Well I really don't know how to do either of those anymore. I have such a low self esteem and don't see anything really good in me anymore that it is almost impossible to love myself and think positive. I have tried meditation and thought stopping + all kinds of other things but I can never seem to stick to it because a lot of my thoughts are stealth negative thoughts that I don't even realize im thinking. 

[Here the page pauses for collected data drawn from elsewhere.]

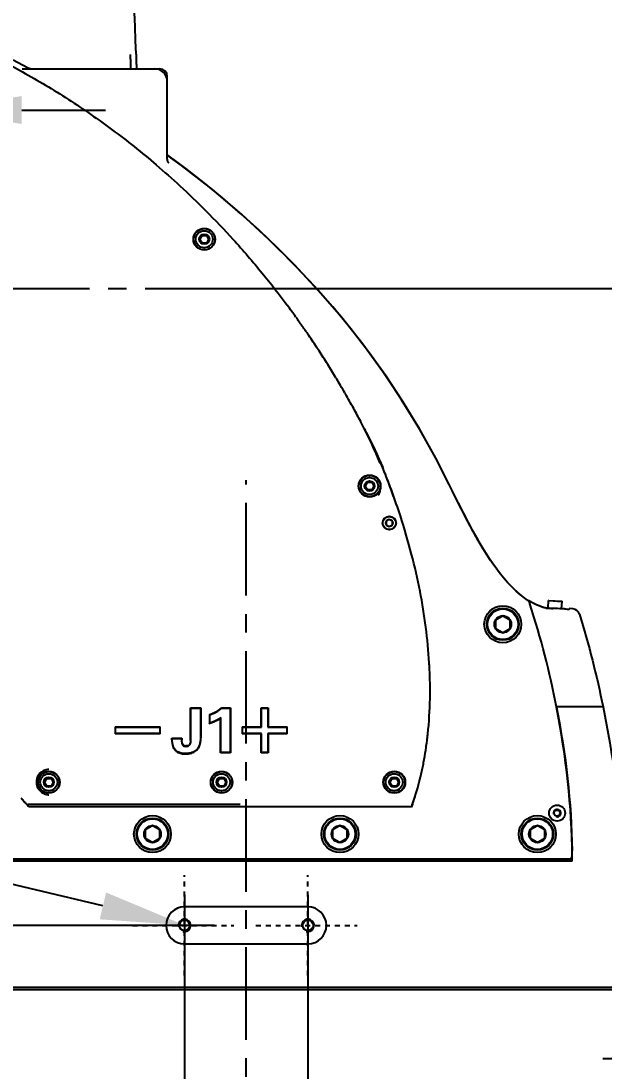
# Model space of a CAD drawing. Header units: millimetres. Extents: x 5828 to 6704, y 123 to 421.
# Drawn here: x 6417.01 to 6428.82, y 231.3 to 252.57 of the extents above; entities that cross this region are included whole.
import ezdxf
from ezdxf import colors
from ezdxf.entities.mleader import LeaderData, LeaderLine
from ezdxf.math import Vec2, Vec3

# ---------------------------------------------------------------- set-up
doc = ezdxf.new("R2010")
doc.units = ezdxf.units.MM
doc.linetypes.add('BANKLINE1', pattern=[5.5, 4, -1.5])
doc.linetypes.add('CENTER', pattern=[0.6, 0.375, -0.075, 0.075, -0.075])
for name, color, linetype in [('00_COMPONENTS', 7, 'BANKLINE1'), ('DIM', 7, 'Continuous'), ('外形图', 7, 'Continuous')]:
    doc.layers.add(name, color=color, linetype=linetype)
doc.styles.add('微软雅黑', font='msyh.ttc', dxfattribs={"height": 2.1})
doc.dimstyles.new('尺寸标注_1_20比例', dxfattribs={"dimtxt": 2.1, "dimasz": 1.7, "dimexe": 0.5, "dimexo": 0.4, "dimgap": 0.5, "dimtad": 1, "dimdec": 1, "dimlfac": 20, "dimdsep": 46, "dimtxsty": '微软雅黑', "dimcen": 0.09, "dimadec": 0, "dimazin": 0, "dimtp": 0.01, "dimtm": 0.01, "dimtfac": 1, "dimtdec": 1, "dimtofl": 0, "dimtmove": 0, "dimatfit": 3, "dimfxl": 1, "dimtolj": 1, "dimarcsym": 0})

# ---------------------------------------------------------------- blocks, each defined once
blk = doc.blocks.new('*D1502')
at = {"layer": 'Defpoints', "color": 0}
for p in [(6420.414, 247.153), (6438.362, 247.153), (6426.433, 222.153)]:
    blk.add_point(p, dxfattribs=at)
at = {"layer": '外形图', "color": 0, "lineweight": -2, "ltscale": 20}
for p, q in [((6420.814, 247.153), (6438.862, 247.153)), ((6438.362, 223.853), (6438.362, 245.453)), ((6426.833, 222.153), (6438.862, 222.153))]:
    blk.add_line(p, q, dxfattribs=at)
at = {"layer": '外形图', "color": 0}
for points in [[(6438.645, 245.453), (6438.079, 245.453), (6438.362, 247.153)], [(6438.079, 223.853), (6438.645, 223.853), (6438.362, 222.153)]]:
    blk.add_solid(points, dxfattribs=at)
at = {"layer": '外形图', "color": 0, "insert": (6436.776, 234.653), "char_height": 2.1, "attachment_point": 5, "rotation": 90, "style": '微软雅黑'}
blk.add_mtext('\\A1;500', dxfattribs=at)
blk = doc.blocks.new('*D1505')
at = {"layer": 'Defpoints', "color": 0}
for p in [(6415.321, 250.77), (6412.821, 247.64), (6415.321, 247.64)]:
    blk.add_point(p, dxfattribs=at)
at = {"layer": '外形图', "color": 0, "lineweight": -2, "ltscale": 20}
for p, q in [((6412.821, 248.04), (6412.821, 251.27)), ((6415.321, 248.04), (6415.321, 251.27)), ((6411.121, 250.77), (6405.042, 250.77)), ((6417.021, 250.77), (6418.721, 250.77))]:
    blk.add_line(p, q, dxfattribs=at)
at = {"layer": '外形图', "color": 0}
for points in [[(6411.121, 250.487), (6411.121, 251.053), (6412.821, 250.77)], [(6417.021, 251.053), (6417.021, 250.487), (6415.321, 250.77)]]:
    blk.add_solid(points, dxfattribs=at)
at = {"layer": '外形图', "color": 0, "insert": (6406.992, 252.356), "char_height": 2.1, "attachment_point": 5, "style": '微软雅黑'}
blk.add_mtext('\\A1;50', dxfattribs=at)
blk = doc.blocks.new('*D1506')
at = {"layer": 'Defpoints', "color": 0}
for p in [(6420.321, 235.272), (6422.821, 235.272), (6422.821, 230.141)]:
    blk.add_point(p, dxfattribs=at)
at = {"layer": '外形图', "color": 0, "lineweight": -2, "ltscale": 20}
for p, q in [((6420.321, 234.872), (6420.321, 229.641)), ((6422.821, 234.872), (6422.821, 229.641)), ((6418.621, 230.141), (6404.894, 230.141)), ((6424.521, 230.141), (6426.221, 230.141))]:
    blk.add_line(p, q, dxfattribs=at)
at = {"layer": '外形图', "color": 0}
for points in [[(6418.621, 229.858), (6418.621, 230.424), (6420.321, 230.141)], [(6424.521, 230.424), (6424.521, 229.858), (6422.821, 230.141)]]:
    blk.add_solid(points, dxfattribs=at)
at = {"layer": '外形图', "color": 0, "insert": (6406.844, 231.727), "char_height": 2.1, "attachment_point": 5, "style": '微软雅黑'}
blk.add_mtext('\\A1;50', dxfattribs=at)
blk = doc.blocks.new('*D1509')
at = {"layer": 'Defpoints', "color": 0}
for p in [(6411.821, 280.928), (6416.709, 222.153), (6442.674, 222.153)]:
    blk.add_point(p, dxfattribs=at)
at = {"layer": '外形图', "color": 0, "lineweight": -2, "ltscale": 20}
for p, q in [((6412.221, 280.928), (6443.174, 280.928)), ((6442.674, 279.228), (6442.674, 223.853)), ((6417.109, 222.153), (6443.174, 222.153))]:
    blk.add_line(p, q, dxfattribs=at)
at = {"layer": '外形图', "color": 0}
for points in [[(6442.957, 279.228), (6442.39, 279.228), (6442.674, 280.928)], [(6442.39, 223.853), (6442.957, 223.853), (6442.674, 222.153)]]:
    blk.add_solid(points, dxfattribs=at)
at = {"layer": '外形图', "color": 0, "insert": (6441.082, 251.54), "char_height": 2.1, "attachment_point": 5, "rotation": 90, "style": '微软雅黑'}
blk.add_mtext('\\A1;1175.5', dxfattribs=at)
blk = doc.blocks.new('*D1543')
at = {"layer": 'Defpoints', "color": 0}
for p in [(6421.321, 234.253), (6388.418, 222.153), (6418.196, 222.153)]:
    blk.add_point(p, dxfattribs=at)
at = {"layer": 'DIM', "color": 0, "linetype": 'ByBlock', "lineweight": -2, "ltscale": 20}
for p, q in [((6420.921, 234.253), (6387.918, 234.253)), ((6388.418, 232.553), (6388.418, 223.853)), ((6417.796, 222.153), (6387.918, 222.153))]:
    blk.add_line(p, q, dxfattribs=at)
at = {"layer": 'DIM', "color": 0}
for points in [[(6388.701, 232.553), (6388.135, 232.553), (6388.418, 234.253)], [(6388.135, 223.853), (6388.701, 223.853), (6388.418, 222.153)]]:
    blk.add_solid(points, dxfattribs=at)
at = {"layer": 'DIM', "color": 0, "insert": (6386.85, 228.203), "char_height": 2.1, "attachment_point": 5, "rotation": 90, "style": '微软雅黑'}
blk.add_mtext('\\A1;242', dxfattribs=at)
blk = doc.blocks.new('*D1544')
at = {"layer": 'Defpoints', "color": 0}
for p in [(6413.82, 248.653), (6388.418, 234.253), (6421.321, 234.253)]:
    blk.add_point(p, dxfattribs=at)
at = {"layer": 'DIM', "color": 0, "linetype": 'ByBlock', "lineweight": -2, "ltscale": 20}
for p, q in [((6413.42, 248.653), (6387.918, 248.653)), ((6388.418, 246.953), (6388.418, 235.953)), ((6420.921, 234.253), (6387.918, 234.253))]:
    blk.add_line(p, q, dxfattribs=at)
at = {"layer": 'DIM', "color": 0}
for points in [[(6388.701, 246.953), (6388.135, 246.953), (6388.418, 248.653)], [(6388.135, 235.953), (6388.701, 235.953), (6388.418, 234.253)]]:
    blk.add_solid(points, dxfattribs=at)
at = {"layer": 'DIM', "color": 0, "insert": (6386.833, 241.453), "char_height": 2.1, "attachment_point": 5, "rotation": 90, "style": '微软雅黑'}
blk.add_mtext('\\A1;288', dxfattribs=at)
blk = doc.blocks.new('*D1556')
at = {"layer": 'Defpoints', "color": 0}
for p in [(6382.821, 278.378), (6421.571, 223.051), (6421.571, 206.909)]:
    blk.add_point(p, dxfattribs=at)
at = {"layer": 'DIM', "color": 0, "linetype": 'ByBlock', "lineweight": -2, "ltscale": 20}
for p, q in [((6382.821, 277.978), (6382.821, 206.409)), ((6421.571, 222.651), (6421.571, 206.409)), ((6384.521, 206.909), (6419.871, 206.909))]:
    blk.add_line(p, q, dxfattribs=at)
at = {"layer": 'DIM', "color": 0}
for points in [[(6384.521, 207.193), (6384.521, 206.626), (6382.821, 206.909)], [(6419.871, 206.626), (6419.871, 207.193), (6421.571, 206.909)]]:
    blk.add_solid(points, dxfattribs=at)
at = {"layer": 'DIM', "color": 0, "insert": (6402.196, 208.477), "char_height": 2.1, "attachment_point": 5, "style": '微软雅黑'}
blk.add_mtext('\\A1;775', dxfattribs=at)
blk = doc.blocks.new('*D1561')
at = {"layer": 'Defpoints', "color": 0}
for p in [(6417.385, 273.403), (6438.362, 273.403), (6420.414, 247.153)]:
    blk.add_point(p, dxfattribs=at)
at = {"layer": 'DIM', "color": 0, "lineweight": -2}
for p, q in [((6417.785, 273.403), (6438.862, 273.403)), ((6438.362, 248.853), (6438.362, 271.703)), ((6420.814, 247.153), (6438.862, 247.153))]:
    blk.add_line(p, q, dxfattribs=at)
at = {"layer": 'DIM', "color": 0}
for points in [[(6438.645, 271.703), (6438.079, 271.703), (6438.362, 273.403)], [(6438.079, 248.853), (6438.645, 248.853), (6438.362, 247.153)]]:
    blk.add_solid(points, dxfattribs=at)
at = {"layer": 'DIM', "color": 0, "insert": (6436.776, 260.278), "char_height": 2.1, "attachment_point": 5, "rotation": 90, "style": '微软雅黑'}
blk.add_mtext('\\A1;525', dxfattribs=at)

msp = doc.modelspace()

# ---------------------------------------------------------------- linework, layer by layer
at = {"layer": '00_COMPONENTS', "linetype": 'CENTER', "ltscale": 5}
msp.add_line((6407.5225, 247.1527), (6420.8136, 247.1527), dxfattribs=at)
at = {"layer": '外形图', "linetype": 'Continuous'}
for p, q in [((6417.1406, 251.6262), (6416.848, 251.78)), ((6417.0789, 251.6027), (6419.7208, 251.6027)), ((6417.1291, 251.6161), (6417.1107, 251.6247)), ((6417.1467, 251.61), (6417.1291, 251.6161)), ((6417.1843, 251.6027), (6417.1406, 251.6262)), ((6417.1643, 251.6058), (6417.1467, 251.61)), ((6417.1822, 251.6033), (6417.1643, 251.6058)), ((6417.198, 251.6027), (6417.1822, 251.6033)), ((6419.7208, 251.6027), (6419.8208, 251.6027)), ((6419.9708, 251.3527), (6419.9708, 251.4527)), ((6419.9708, 249.803), (6419.9708, 251.3527)), ((6420.2593, 249.6494), (6419.9708, 249.8588)), ((6420.3474, 249.5824), (6419.979, 249.8576)), ((6420.6327, 248.1527), (6420.6768, 248.2289)), ((6420.6768, 248.0764), (6420.6327, 248.1527)), ((6420.6768, 248.2289), (6420.7648, 248.2289)), ((6420.7648, 248.0764), (6420.6768, 248.0764)), ((6420.7648, 248.2289), (6420.8088, 248.1527)), ((6420.8088, 248.1527), (6420.7648, 248.0764)), ((6422.5778, 246.5751), (6422.5893, 246.559)), ((6422.5893, 246.559), (6422.5962, 246.5494)), ((6422.806, 246.2502), (6422.815, 246.237)), ((6423.5696, 245.0391), (6423.5813, 245.0188)), ((6424.3722, 243.4381), (6424.3682, 243.448)), ((6423.9827, 243.1527), (6424.0268, 243.2289)), ((6424.0268, 243.0764), (6423.9827, 243.1527)), ((6424.0268, 243.2289), (6424.1148, 243.2289)), ((6424.1148, 243.2289), (6424.1588, 243.1527)), ((6424.1588, 243.1527), (6424.1148, 243.0764)), ((6424.1148, 243.0764), (6424.0268, 243.0764)), ((6424.4706, 242.4752), (6424.4084, 242.4393)), ((6424.4084, 242.4393), (6424.4084, 242.3676)), ((6424.4084, 242.3676), (6424.4706, 242.3317)), ((6424.5327, 242.4393), (6424.4706, 242.4752)), ((6424.4706, 242.3317), (6424.5327, 242.3676)), ((6424.5327, 242.3676), (6424.5327, 242.4393)), ((6427.1557, 240.9273), (6427.0753, 240.9937)), ((6427.3109, 240.8198), (6427.2987, 240.8277)), ((6427.3849, 240.7782), (6427.3109, 240.8198)), ((6427.6886, 240.687), (6427.6987, 240.8317)), ((6427.7041, 240.8363), (6427.6987, 240.8317)), ((6427.6987, 240.8317), (6427.9731, 240.8125)), ((6427.7041, 240.8363), (6427.9684, 240.8178)), ((6427.9629, 240.6678), (6427.9731, 240.8125)), ((6427.9684, 240.8178), (6427.9731, 240.8125)), ((6427.5988, 240.6933), (6427.8164, 240.6781)), ((6428.1909, 240.664), (6428.12, 240.669)), ((6428.1206, 240.6652), (6428.1207, 240.6642)), ((6426.7708, 240.5242), (6426.6223, 240.4384)), ((6426.6223, 240.4384), (6426.6223, 240.2669)), ((6426.9193, 240.4384), (6426.7708, 240.5242)), ((6426.9193, 240.2669), (6426.9193, 240.4384)), ((6426.6223, 240.2669), (6426.7708, 240.1812)), ((6426.7708, 240.1812), (6426.9193, 240.2669)), ((6425.286, 239.4604), (6425.2853, 239.4741)), ((6420.4481, 238.6527), (6420.4414, 238.6598)), ((6420.4414, 238.5866), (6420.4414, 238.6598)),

I know this may sound ridiculous, but really, how do you think positive? Do you force positive thoughts into your head? Almost every thought I have is negative and I don't really look forward to anything anymore like I used to. And when I do start to think something positive my ego (I think?) almost instantly tells me that this positive thought is not true and that I am a loser or insults me in some way and then it is back to square one and off to the society of negative thinkers =p

Any tips would be appreciated.


----------



## Fireflylight (Sep 2, 2004)

I still haven't gotten the hang of it completely, but I'm getting there. So I'll give you my take. It's not an over night thing. For me, baby steps is key. But if you want to make being a positive person your life, it will probably take less time. anyway, I don't think being positive means not having negative thoughts. It's about accepting those thoughts but having positive thoughts too. I remember when I was in the complete throws of negativity and I couldn't even see positive thoughts. But they're there. And once you let them affect you, just a little, the ball starts rolling. you listen to your inner intuition and start making smart choices, etc. things that have made me a more positive person are: doing things I enjoy, reading self help books, and being around supportive people.


----------



## radames (Jul 6, 2009)

TheUnwelcome said:


> Just want to ask you guys how do you love yourself and think positive?
> 
> Everyone always says you have to love yourself before you love anyone else and you need to think positive to overcome the negative thoughts.
> 
> ...


I think that it has to do with changing your perspective. Do you have a roof over your head? A lot of people don't. Do you have a TV, computer, internet, and other nice technological gadgets? A lot of people don't. Do you have good health? A lot of people don't.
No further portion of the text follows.